ANI argues that OpenAI’s storage and use of its content amount to perpetual copyright infringement, as the material remains in the chatbot’s memory indefinitely. Furthermore, the agency contends that the use of its content for paid subscription services exacerbates the violation, given that OpenAI’s premium plans directly monetise the output generated by its models.

Global precedents

This lawsuit is not an isolated incident. In 2023, The New York Times sued OpenAI for unauthorised use of its articles to train ChatGPT. The newspaper expressed concern that chatbot-generated summaries of current events could reduce traffic to its website, impacting advertising and subscription revenues. A December 2023 report in The New York Times stated, “When chatbots are asked about current events or other newsworthy topics, they can generate answers that rely on journalism by The Times. The newspaper expresses concern that readers will be satisfied with a response from a chatbot and decline to visit The Times’s website, thus reducing web traffic that can be translated into advertising and subscription revenue.”

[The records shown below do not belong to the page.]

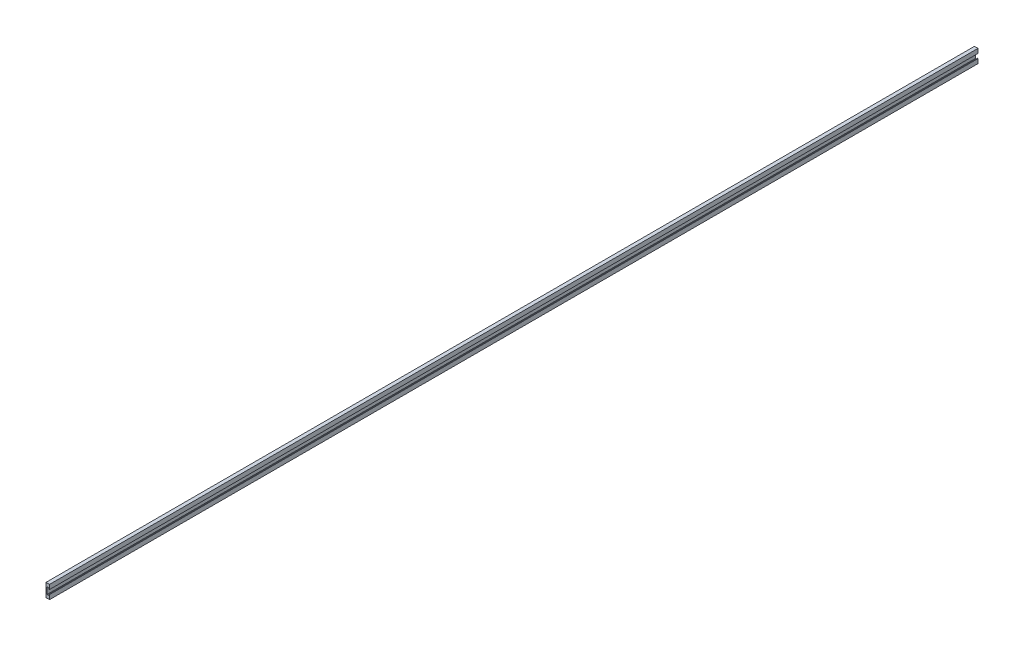
ISO-10303-21;
HEADER;
FILE_DESCRIPTION(('STEP AP214'),'2;1');
FILE_NAME('part.step','',(''),(''),'','','');
FILE_SCHEMA(('AUTOMOTIVE_DESIGN { 1 0 10303 214 1 1 1 1 }'));
ENDSEC;
DATA;
#1=APPLICATION_CONTEXT('core data for automotive mechanical design processes');
#2=APPLICATION_PROTOCOL_DEFINITION('international standard','automotive_design',2000,#1);
#3=PRODUCT_CONTEXT('',#1,'mechanical');
#4=PRODUCT('Part','Part','',(#3));
#5=PRODUCT_RELATED_PRODUCT_CATEGORY('part','',(#4));
#6=PRODUCT_DEFINITION_FORMATION('','',#4);
#7=PRODUCT_DEFINITION_CONTEXT('part definition',#1,'design');
#8=PRODUCT_DEFINITION('design','',#6,#7);
#9=PRODUCT_DEFINITION_SHAPE('','',#8);
#10=(LENGTH_UNIT() NAMED_UNIT(*) SI_UNIT(.MILLI.,.METRE.));
#11=(NAMED_UNIT(*) PLANE_ANGLE_UNIT() SI_UNIT($,.RADIAN.));
#12=(NAMED_UNIT(*) SI_UNIT($,.STERADIAN.) SOLID_ANGLE_UNIT());
#13=UNCERTAINTY_MEASURE_WITH_UNIT(LENGTH_MEASURE(1.E-05),#10,'distance_accuracy_value','');
#14=(GEOMETRIC_REPRESENTATION_CONTEXT(3) GLOBAL_UNCERTAINTY_ASSIGNED_CONTEXT((#13)) GLOBAL_UNIT_ASSIGNED_CONTEXT((#10,
#11,#12)) REPRESENTATION_CONTEXT('',''));
#15=CARTESIAN_POINT('',(0.,0.,0.));
#16=DIRECTION('',(0.,0.,1.));
#17=DIRECTION('',(1.,0.,0.));
#18=AXIS2_PLACEMENT_3D('',#15,#16,#17);
#19=CARTESIAN_POINT('',(0.,7.5,1050.));
#20=DIRECTION('',(-1.,0.,0.));
#21=DIRECTION('',(0.,-1.,0.));
#22=AXIS2_PLACEMENT_3D('',#19,#20,#21);
#23=PLANE('',#22);
#24=DIRECTION('',(0.,1.,0.));
#25=VECTOR('',#24,1.);
#26=CARTESIAN_POINT('',(0.,7.5,-1050.));
#27=LINE('',#26,#25);
#28=CARTESIAN_POINT('',(0.,0.,-1050.));
#29=VERTEX_POINT('',#28);
#30=CARTESIAN_POINT('',(0.,10.,-1050.));
#31=VERTEX_POINT('',#30);
#32=EDGE_CURVE('E97',#29,#31,#27,.T.);
#33=ORIENTED_EDGE('',*,*,#32,.T.);
#34=DIRECTION('',(0.,0.,-1.));
#35=VECTOR('',#34,1.);
#36=CARTESIAN_POINT('',(0.,10.,1050.));
#37=LINE('',#36,#35);
#38=CARTESIAN_POINT('',(0.,10.,1050.));
#39=VERTEX_POINT('',#38);
#40=EDGE_CURVE('E11',#39,#31,#37,.T.);
#41=ORIENTED_EDGE('',*,*,#40,.F.);
#42=DIRECTION('',(0.,1.,0.));
#43=VECTOR('',#42,1.);
#44=CARTESIAN_POINT('',(0.,7.5,1050.));
#45=LINE('',#44,#43);
#46=CARTESIAN_POINT('',(0.,0.,1050.));
#47=VERTEX_POINT('',#46);
#48=EDGE_CURVE('E103',#47,#39,#45,.T.);
#49=ORIENTED_EDGE('',*,*,#48,.F.);
#50=DIRECTION('',(0.,0.,-1.));
#51=VECTOR('',#50,1.);
#52=CARTESIAN_POINT('',(0.,0.,1050.));
#53=LINE('',#52,#51);
#54=EDGE_CURVE('E149',#47,#29,#53,.T.);
#55=ORIENTED_EDGE('',*,*,#54,.T.);
#56=EDGE_LOOP('',(#33,#41,#49,#55));
#57=FACE_BOUND('',#56,.T.);
#58=ADVANCED_FACE('F33',(#57),#23,.F.);
#59=CARTESIAN_POINT('',(0.,10.,1050.));
#60=DIRECTION('',(0.,-1.,0.));
#61=DIRECTION('',(0.,0.,-1.));
#62=AXIS2_PLACEMENT_3D('',#59,#60,#61);
#63=PLANE('',#62);
#64=DIRECTION('',(-1.,0.,0.));
#65=VECTOR('',#64,1.);
#66=CARTESIAN_POINT('',(0.,10.,-1050.));
#67=LINE('',#66,#65);
#68=CARTESIAN_POINT('',(-1.5,10.,-1050.));
#69=VERTEX_POINT('',#68);
#70=EDGE_CURVE('E154',#31,#69,#67,.T.);
#71=ORIENTED_EDGE('',*,*,#70,.T.);
#72=DIRECTION('',(0.,0.,-1.));
#73=VECTOR('',#72,1.);
#74=CARTESIAN_POINT('',(-1.5,10.,1050.));
#75=LINE('',#74,#73);
#76=CARTESIAN_POINT('',(-1.5,10.,1050.));
#77=VERTEX_POINT('',#76);
#78=EDGE_CURVE('E41',#77,#69,#75,.T.);
#79=ORIENTED_EDGE('',*,*,#78,.F.);
#80=DIRECTION('',(-1.,0.,0.));
#81=VECTOR('',#80,1.);
#82=CARTESIAN_POINT('',(0.,10.,1050.));
#83=LINE('',#82,#81);
#84=EDGE_CURVE('E242',#39,#77,#83,.T.);
#85=ORIENTED_EDGE('',*,*,#84,.F.);
#86=ORIENTED_EDGE('',*,*,#40,.T.);
#87=EDGE_LOOP('',(#71,#79,#85,#86));
#88=FACE_BOUND('',#87,.T.);
#89=ADVANCED_FACE('F245',(#88),#63,.F.);
#90=CARTESIAN_POINT('',(-1.5,10.,1050.));
#91=DIRECTION('',(1.,0.,0.));
#92=DIRECTION('',(0.,0.,-1.));
#93=AXIS2_PLACEMENT_3D('',#90,#91,#92);
#94=PLANE('',#93);
#95=DIRECTION('',(0.,-1.,0.));
#96=VECTOR('',#95,1.);
#97=CARTESIAN_POINT('',(-1.5,10.,-1050.));
#98=LINE('',#97,#96);
#99=CARTESIAN_POINT('',(-1.5,7.5,-1050.));
#100=VERTEX_POINT('',#99);
#101=EDGE_CURVE('E156',#69,#100,#98,.T.);
#102=ORIENTED_EDGE('',*,*,#101,.T.);
#103=DIRECTION('',(0.,0.,-1.));
#104=VECTOR('',#103,1.);
#105=CARTESIAN_POINT('',(-1.5,7.5,1050.));
#106=LINE('',#105,#104);
#107=CARTESIAN_POINT('',(-1.5,7.5,1050.));
#108=VERTEX_POINT('',#107);
#109=EDGE_CURVE('E194',#108,#100,#106,.T.);
#110=ORIENTED_EDGE('',*,*,#109,.F.);
#111=DIRECTION('',(0.,-1.,0.));
#112=VECTOR('',#111,1.);
#113=CARTESIAN_POINT('',(-1.5,10.,1050.));
#114=LINE('',#113,#112);
#115=EDGE_CURVE('E203',#77,#108,#114,.T.);
#116=ORIENTED_EDGE('',*,*,#115,.F.);
#117=ORIENTED_EDGE('',*,*,#78,.T.);
#118=EDGE_LOOP('',(#102,#110,#116,#117));
#119=FACE_BOUND('',#118,.T.);
#120=ADVANCED_FACE('F201',(#119),#94,.F.);
#121=CARTESIAN_POINT('',(-5.5,7.5,1050.));
#122=DIRECTION('',(0.,-1.,0.));
#123=DIRECTION('',(0.,0.,-1.));
#124=AXIS2_PLACEMENT_3D('',#121,#122,#123);
#125=PLANE('',#124);
#126=DIRECTION('',(-1.,0.,0.));
#127=VECTOR('',#126,1.);
#128=CARTESIAN_POINT('',(-5.5,7.5,-1050.));
#129=LINE('',#128,#127);
#130=CARTESIAN_POINT('',(-5.5,7.5,-1050.));
#131=VERTEX_POINT('',#130);
#132=EDGE_CURVE('E158',#100,#131,#129,.T.);
#133=ORIENTED_EDGE('',*,*,#132,.T.);
#134=DIRECTION('',(0.,0.,-1.));
#135=VECTOR('',#134,1.);
#136=CARTESIAN_POINT('',(-5.5,7.5,1050.));
#137=LINE('',#136,#135);
#138=CARTESIAN_POINT('',(-5.5,7.5,1050.));
#139=VERTEX_POINT('',#138);
#140=EDGE_CURVE('E191',#139,#131,#137,.T.);
#141=ORIENTED_EDGE('',*,*,#140,.F.);
#142=DIRECTION('',(-1.,0.,0.));
#143=VECTOR('',#142,1.);
#144=CARTESIAN_POINT('',(-5.5,7.5,1050.));
#145=LINE('',#144,#143);
#146=EDGE_CURVE('E221',#108,#139,#145,.T.);
#147=ORIENTED_EDGE('',*,*,#146,.F.);
#148=ORIENTED_EDGE('',*,*,#109,.T.);
#149=EDGE_LOOP('',(#133,#141,#147,#148));
#150=FACE_BOUND('',#149,.T.);
#151=ADVANCED_FACE('F212',(#150),#125,.F.);
#152=CARTESIAN_POINT('',(-5.5,22.5,1050.));
#153=DIRECTION('',(-1.,0.,0.));
#154=DIRECTION('',(0.,0.,1.));
#155=AXIS2_PLACEMENT_3D('',#152,#153,#154);
#156=PLANE('',#155);
#157=DIRECTION('',(0.,1.,0.));
#158=VECTOR('',#157,1.);
#159=CARTESIAN_POINT('',(-5.5,22.5,-1050.));
#160=LINE('',#159,#158);
#161=CARTESIAN_POINT('',(-5.5,22.5,-1050.));
#162=VERTEX_POINT('',#161);
#163=EDGE_CURVE('E160',#131,#162,#160,.T.);
#164=ORIENTED_EDGE('',*,*,#163,.T.);
#165=DIRECTION('',(0.,0.,-1.));
#166=VECTOR('',#165,1.);
#167=CARTESIAN_POINT('',(-5.5,22.5,1050.));
#168=LINE('',#167,#166);
#169=CARTESIAN_POINT('',(-5.5,22.5,1050.));
#170=VERTEX_POINT('',#169);
#171=EDGE_CURVE('E188',#170,#162,#168,.T.);
#172=ORIENTED_EDGE('',*,*,#171,.F.);
#173=DIRECTION('',(0.,1.,0.));
#174=VECTOR('',#173,1.);
#175=CARTESIAN_POINT('',(-5.5,22.5,1050.));
#176=LINE('',#175,#174);
#177=EDGE_CURVE('E218',#139,#170,#176,.T.);
#178=ORIENTED_EDGE('',*,*,#177,.F.);
#179=ORIENTED_EDGE('',*,*,#140,.T.);
#180=EDGE_LOOP('',(#164,#172,#178,#179));
#181=FACE_BOUND('',#180,.T.);
#182=ADVANCED_FACE('F216',(#181),#156,.F.);
#183=CARTESIAN_POINT('',(-1.5,22.5,1050.));
#184=DIRECTION('',(0.,1.,0.));
#185=DIRECTION('',(0.,0.,1.));
#186=AXIS2_PLACEMENT_3D('',#183,#184,#185);
#187=PLANE('',#186);
#188=DIRECTION('',(1.,0.,0.));
#189=VECTOR('',#188,1.);
#190=CARTESIAN_POINT('',(-1.5,22.5,-1050.));
#191=LINE('',#190,#189);
#192=CARTESIAN_POINT('',(-1.5,22.5,-1050.));
#193=VERTEX_POINT('',#192);
#194=EDGE_CURVE('E162',#162,#193,#191,.T.);
#195=ORIENTED_EDGE('',*,*,#194,.T.);
#196=DIRECTION('',(0.,0.,-1.));
#197=VECTOR('',#196,1.);
#198=CARTESIAN_POINT('',(-1.5,22.5,1050.));
#199=LINE('',#198,#197);
#200=CARTESIAN_POINT('',(-1.5,22.5,1050.));
#201=VERTEX_POINT('',#200);
#202=EDGE_CURVE('E185',#201,#193,#199,.T.);
#203=ORIENTED_EDGE('',*,*,#202,.F.);
#204=DIRECTION('',(1.,0.,0.));
#205=VECTOR('',#204,1.);
#206=CARTESIAN_POINT('',(-1.5,22.5,1050.));
#207=LINE('',#206,#205);
#208=EDGE_CURVE('E220',#170,#201,#207,.T.);
#209=ORIENTED_EDGE('',*,*,#208,.F.);
#210=ORIENTED_EDGE('',*,*,#171,.T.);
#211=EDGE_LOOP('',(#195,#203,#209,#210));
#212=FACE_BOUND('',#211,.T.);
#213=ADVANCED_FACE('F257',(#212),#187,.F.);
#214=CARTESIAN_POINT('',(-1.5,20.,1050.));
#215=DIRECTION('',(1.,0.,0.));
#216=DIRECTION('',(0.,0.,-1.));
#217=AXIS2_PLACEMENT_3D('',#214,#215,#216);
#218=PLANE('',#217);
#219=DIRECTION('',(0.,-1.,0.));
#220=VECTOR('',#219,1.);
#221=CARTESIAN_POINT('',(-1.5,20.,-1050.));
#222=LINE('',#221,#220);
#223=CARTESIAN_POINT('',(-1.5,20.,-1050.));
#224=VERTEX_POINT('',#223);
#225=EDGE_CURVE('E164',#193,#224,#222,.T.);
#226=ORIENTED_EDGE('',*,*,#225,.T.);
#227=DIRECTION('',(0.,0.,-1.));
#228=VECTOR('',#227,1.);
#229=CARTESIAN_POINT('',(-1.5,20.,1050.));
#230=LINE('',#229,#228);
#231=CARTESIAN_POINT('',(-1.5,20.,1050.));
#232=VERTEX_POINT('',#231);
#233=EDGE_CURVE('E182',#232,#224,#230,.T.);
#234=ORIENTED_EDGE('',*,*,#233,.F.);
#235=DIRECTION('',(0.,-1.,0.));
#236=VECTOR('',#235,1.);
#237=CARTESIAN_POINT('',(-1.5,20.,1050.));
#238=LINE('',#237,#236);
#239=EDGE_CURVE('E223',#201,#232,#238,.T.);
#240=ORIENTED_EDGE('',*,*,#239,.F.);
#241=ORIENTED_EDGE('',*,*,#202,.T.);
#242=EDGE_LOOP('',(#226,#234,#240,#241));
#243=FACE_BOUND('',#242,.T.);
#244=ADVANCED_FACE('F260',(#243),#218,.F.);
#245=CARTESIAN_POINT('',(0.,20.,1050.));
#246=DIRECTION('',(0.,1.,0.));
#247=DIRECTION('',(0.,0.,1.));
#248=AXIS2_PLACEMENT_3D('',#245,#246,#247);
#249=PLANE('',#248);
#250=DIRECTION('',(1.,0.,0.));
#251=VECTOR('',#250,1.);
#252=CARTESIAN_POINT('',(0.,20.,-1050.));
#253=LINE('',#252,#251);
#254=CARTESIAN_POINT('',(0.,20.,-1050.));
#255=VERTEX_POINT('',#254);
#256=EDGE_CURVE('E166',#224,#255,#253,.T.);
#257=ORIENTED_EDGE('',*,*,#256,.T.);
#258=DIRECTION('',(0.,0.,-1.));
#259=VECTOR('',#258,1.);
#260=CARTESIAN_POINT('',(0.,20.,1050.));
#261=LINE('',#260,#259);
#262=CARTESIAN_POINT('',(0.,20.,1050.));
#263=VERTEX_POINT('',#262);
#264=EDGE_CURVE('E179',#263,#255,#261,.T.);
#265=ORIENTED_EDGE('',*,*,#264,.F.);
#266=DIRECTION('',(1.,0.,0.));
#267=VECTOR('',#266,1.);
#268=CARTESIAN_POINT('',(0.,20.,1050.));
#269=LINE('',#268,#267);
#270=EDGE_CURVE('E229',#232,#263,#269,.T.);
#271=ORIENTED_EDGE('',*,*,#270,.F.);
#272=ORIENTED_EDGE('',*,*,#233,.T.);
#273=EDGE_LOOP('',(#257,#265,#271,#272));
#274=FACE_BOUND('',#273,.T.);
#275=ADVANCED_FACE('F235',(#274),#249,.F.);
#276=CARTESIAN_POINT('',(0.,30.,1050.));
#277=DIRECTION('',(-1.,0.,0.));
#278=DIRECTION('',(0.,-1.,0.));
#279=AXIS2_PLACEMENT_3D('',#276,#277,#278);
#280=PLANE('',#279);
#281=DIRECTION('',(0.,1.,0.));
#282=VECTOR('',#281,1.);
#283=CARTESIAN_POINT('',(0.,30.,-1050.));
#284=LINE('',#283,#282);
#285=CARTESIAN_POINT('',(0.,30.,-1050.));
#286=VERTEX_POINT('',#285);
#287=EDGE_CURVE('E169',#255,#286,#284,.T.);
#288=ORIENTED_EDGE('',*,*,#287,.T.);
#289=DIRECTION('',(0.,0.,-1.));
#290=VECTOR('',#289,1.);
#291=CARTESIAN_POINT('',(0.,30.,1050.));
#292=LINE('',#291,#290);
#293=CARTESIAN_POINT('',(0.,30.,1050.));
#294=VERTEX_POINT('',#293);
#295=EDGE_CURVE('E144',#294,#286,#292,.T.);
#296=ORIENTED_EDGE('',*,*,#295,.F.);
#297=DIRECTION('',(0.,1.,0.));
#298=VECTOR('',#297,1.);
#299=CARTESIAN_POINT('',(0.,22.5,1050.));
#300=LINE('',#299,#298);
#301=EDGE_CURVE('E135',#263,#294,#300,.T.);
#302=ORIENTED_EDGE('',*,*,#301,.F.);
#303=ORIENTED_EDGE('',*,*,#264,.T.);
#304=EDGE_LOOP('',(#288,#296,#302,#303));
#305=FACE_BOUND('',#304,.T.);
#306=ADVANCED_FACE('F238',(#305),#280,.F.);
#307=CARTESIAN_POINT('',(-8.,30.,1050.));
#308=DIRECTION('',(0.,-1.,0.));
#309=DIRECTION('',(0.,0.,-1.));
#310=AXIS2_PLACEMENT_3D('',#307,#308,#309);
#311=PLANE('',#310);
#312=DIRECTION('',(-1.,0.,0.));
#313=VECTOR('',#312,1.);
#314=CARTESIAN_POINT('',(-8.,30.,-1050.));
#315=LINE('',#314,#313);
#316=CARTESIAN_POINT('',(-8.,30.,-1050.));
#317=VERTEX_POINT('',#316);
#318=EDGE_CURVE('E143',#286,#317,#315,.T.);
#319=ORIENTED_EDGE('',*,*,#318,.T.);
#320=DIRECTION('',(0.,0.,-1.));
#321=VECTOR('',#320,1.);
#322=CARTESIAN_POINT('',(-8.,30.,1050.));
#323=LINE('',#322,#321);
#324=CARTESIAN_POINT('',(-8.,30.,1050.));
#325=VERTEX_POINT('',#324);
#326=EDGE_CURVE('E140',#325,#317,#323,.T.);
#327=ORIENTED_EDGE('',*,*,#326,.F.);
#328=DIRECTION('',(-1.,0.,0.));
#329=VECTOR('',#328,1.);
#330=CARTESIAN_POINT('',(-8.,30.,1050.));
#331=LINE('',#330,#329);
#332=EDGE_CURVE('E129',#294,#325,#331,.T.);
#333=ORIENTED_EDGE('',*,*,#332,.F.);
#334=ORIENTED_EDGE('',*,*,#295,.T.);
#335=EDGE_LOOP('',(#319,#327,#333,#334));
#336=FACE_BOUND('',#335,.T.);
#337=ADVANCED_FACE('F141',(#336),#311,.F.);
#338=CARTESIAN_POINT('',(-8.,0.,1050.));
#339=DIRECTION('',(1.,0.,0.));
#340=DIRECTION('',(0.,0.,-1.));
#341=AXIS2_PLACEMENT_3D('',#338,#339,#340);
#342=PLANE('',#341);
#343=DIRECTION('',(0.,-1.,0.));
#344=VECTOR('',#343,1.);
#345=CARTESIAN_POINT('',(-8.,0.,-1050.));
#346=LINE('',#345,#344);
#347=CARTESIAN_POINT('',(-8.,0.,-1050.));
#348=VERTEX_POINT('',#347);
#349=EDGE_CURVE('E90',#317,#348,#346,.T.);
#350=ORIENTED_EDGE('',*,*,#349,.T.);
#351=DIRECTION('',(0.,0.,-1.));
#352=VECTOR('',#351,1.);
#353=CARTESIAN_POINT('',(-8.,0.,1050.));
#354=LINE('',#353,#352);
#355=CARTESIAN_POINT('',(-8.,0.,1050.));
#356=VERTEX_POINT('',#355);
#357=EDGE_CURVE('E145',#356,#348,#354,.T.);
#358=ORIENTED_EDGE('',*,*,#357,.F.);
#359=DIRECTION('',(0.,-1.,0.));
#360=VECTOR('',#359,1.);
#361=CARTESIAN_POINT('',(-8.,0.,1050.));
#362=LINE('',#361,#360);
#363=EDGE_CURVE('E133',#325,#356,#362,.T.);
#364=ORIENTED_EDGE('',*,*,#363,.F.);
#365=ORIENTED_EDGE('',*,*,#326,.T.);
#366=EDGE_LOOP('',(#350,#358,#364,#365));
#367=FACE_BOUND('',#366,.T.);
#368=ADVANCED_FACE('F147',(#367),#342,.F.);
#369=CARTESIAN_POINT('',(0.,0.,1050.));
#370=DIRECTION('',(0.,1.,0.));
#371=DIRECTION('',(0.,0.,1.));
#372=AXIS2_PLACEMENT_3D('',#369,#370,#371);
#373=PLANE('',#372);
#374=DIRECTION('',(1.,0.,0.));
#375=VECTOR('',#374,1.);
#376=CARTESIAN_POINT('',(0.,0.,-1050.));
#377=LINE('',#376,#375);
#378=EDGE_CURVE('E173',#348,#29,#377,.T.);
#379=ORIENTED_EDGE('',*,*,#378,.T.);
#380=ORIENTED_EDGE('',*,*,#54,.F.);
#381=DIRECTION('',(1.,0.,0.));
#382=VECTOR('',#381,1.);
#383=CARTESIAN_POINT('',(0.,0.,1050.));
#384=LINE('',#383,#382);
#385=EDGE_CURVE('E49',#356,#47,#384,.T.);
#386=ORIENTED_EDGE('',*,*,#385,.F.);
#387=ORIENTED_EDGE('',*,*,#357,.T.);
#388=EDGE_LOOP('',(#379,#380,#386,#387));
#389=FACE_BOUND('',#388,.T.);
#390=ADVANCED_FACE('F240',(#389),#373,.F.);
#391=CARTESIAN_POINT('',(0.,0.,1050.));
#392=DIRECTION('',(0.,0.,-1.));
#393=DIRECTION('',(-1.,0.,0.));
#394=AXIS2_PLACEMENT_3D('',#391,#392,#393);
#395=PLANE('',#394);
#396=ORIENTED_EDGE('',*,*,#48,.T.);
#397=ORIENTED_EDGE('',*,*,#84,.T.);
#398=ORIENTED_EDGE('',*,*,#115,.T.);
#399=ORIENTED_EDGE('',*,*,#146,.T.);
#400=ORIENTED_EDGE('',*,*,#177,.T.);
#401=ORIENTED_EDGE('',*,*,#208,.T.);
#402=ORIENTED_EDGE('',*,*,#239,.T.);
#403=ORIENTED_EDGE('',*,*,#270,.T.);
#404=ORIENTED_EDGE('',*,*,#301,.T.);
#405=ORIENTED_EDGE('',*,*,#332,.T.);
#406=ORIENTED_EDGE('',*,*,#363,.T.);
#407=ORIENTED_EDGE('',*,*,#385,.T.);
#408=EDGE_LOOP('',(#396,#397,#398,#399,#400,#401,#402,#403,#404,#405,#406,#407));
#409=FACE_BOUND('',#408,.T.);
#410=ADVANCED_FACE('F131',(#409),#395,.F.);
#411=CARTESIAN_POINT('',(0.,0.,-1050.));
#412=DIRECTION('',(0.,0.,-1.));
#413=DIRECTION('',(-1.,0.,0.));
#414=AXIS2_PLACEMENT_3D('',#411,#412,#413);
#415=PLANE('',#414);
#416=ORIENTED_EDGE('',*,*,#32,.F.);
#417=ORIENTED_EDGE('',*,*,#378,.F.);
#418=ORIENTED_EDGE('',*,*,#349,.F.);
#419=ORIENTED_EDGE('',*,*,#318,.F.);
#420=ORIENTED_EDGE('',*,*,#287,.F.);
#421=ORIENTED_EDGE('',*,*,#256,.F.);
#422=ORIENTED_EDGE('',*,*,#225,.F.);
#423=ORIENTED_EDGE('',*,*,#194,.F.);
#424=ORIENTED_EDGE('',*,*,#163,.F.);
#425=ORIENTED_EDGE('',*,*,#132,.F.);
#426=ORIENTED_EDGE('',*,*,#101,.F.);
#427=ORIENTED_EDGE('',*,*,#70,.F.);
#428=EDGE_LOOP('',(#416,#417,#418,#419,#420,#421,#422,#423,#424,#425,#426,#427));
#429=FACE_BOUND('',#428,.T.);
#430=ADVANCED_FACE('F207',(#429),#415,.T.);
#431=CLOSED_SHELL('',(#58,#89,#120,#151,#182,#213,#244,#275,#306,#337,#368,#390,#410,#430));
#432=MANIFOLD_SOLID_BREP('B2',#431);
#433=ADVANCED_BREP_SHAPE_REPRESENTATION('',(#18,#432),#14);
#434=SHAPE_DEFINITION_REPRESENTATION(#9,#433);
ENDSEC;
END-ISO-10303-21;

Similar concerns have been raised by a group of 17 authors, including George R.R. Martin and John Grisham, who filed a class action lawsuit in September 2023 against OpenAI. The authors accused the company of illegally using their copyrighted works to train its models, as reported by CNN.

Microsoft also faced legal action from The New York Times for using its articles to train Bing’s AI capabilities. These cases collectively highlight a growing tension between AI companies and content creators over the ethical and legal boundaries of data usage.

Copyright and its legal framework

Under Indian law, copyright is a bundle of rights granted to creators of literary, artistic, and other intellectual works. The Copyright Act, 1957, protects these rights, including reproduction, communication to the public, adaptation, and translation. Infringement occurs when substantial portions of copyrighted material are used without permission, and violators can face legal action for damages and injunctions.

ANI’s petition references its exclusive rights under the Act, highlighting that it licenses its content to subscribers under strict agreements that exclude further syndication. The agency argues that OpenAI’s actions undermine these rights, amounting to unjust enrichment at the expense of ANI’s proprietary material.

The court’s decision in this case could set an important precedent for how AI models interact with copyrighted content, balancing technological innovation with intellectual property rights.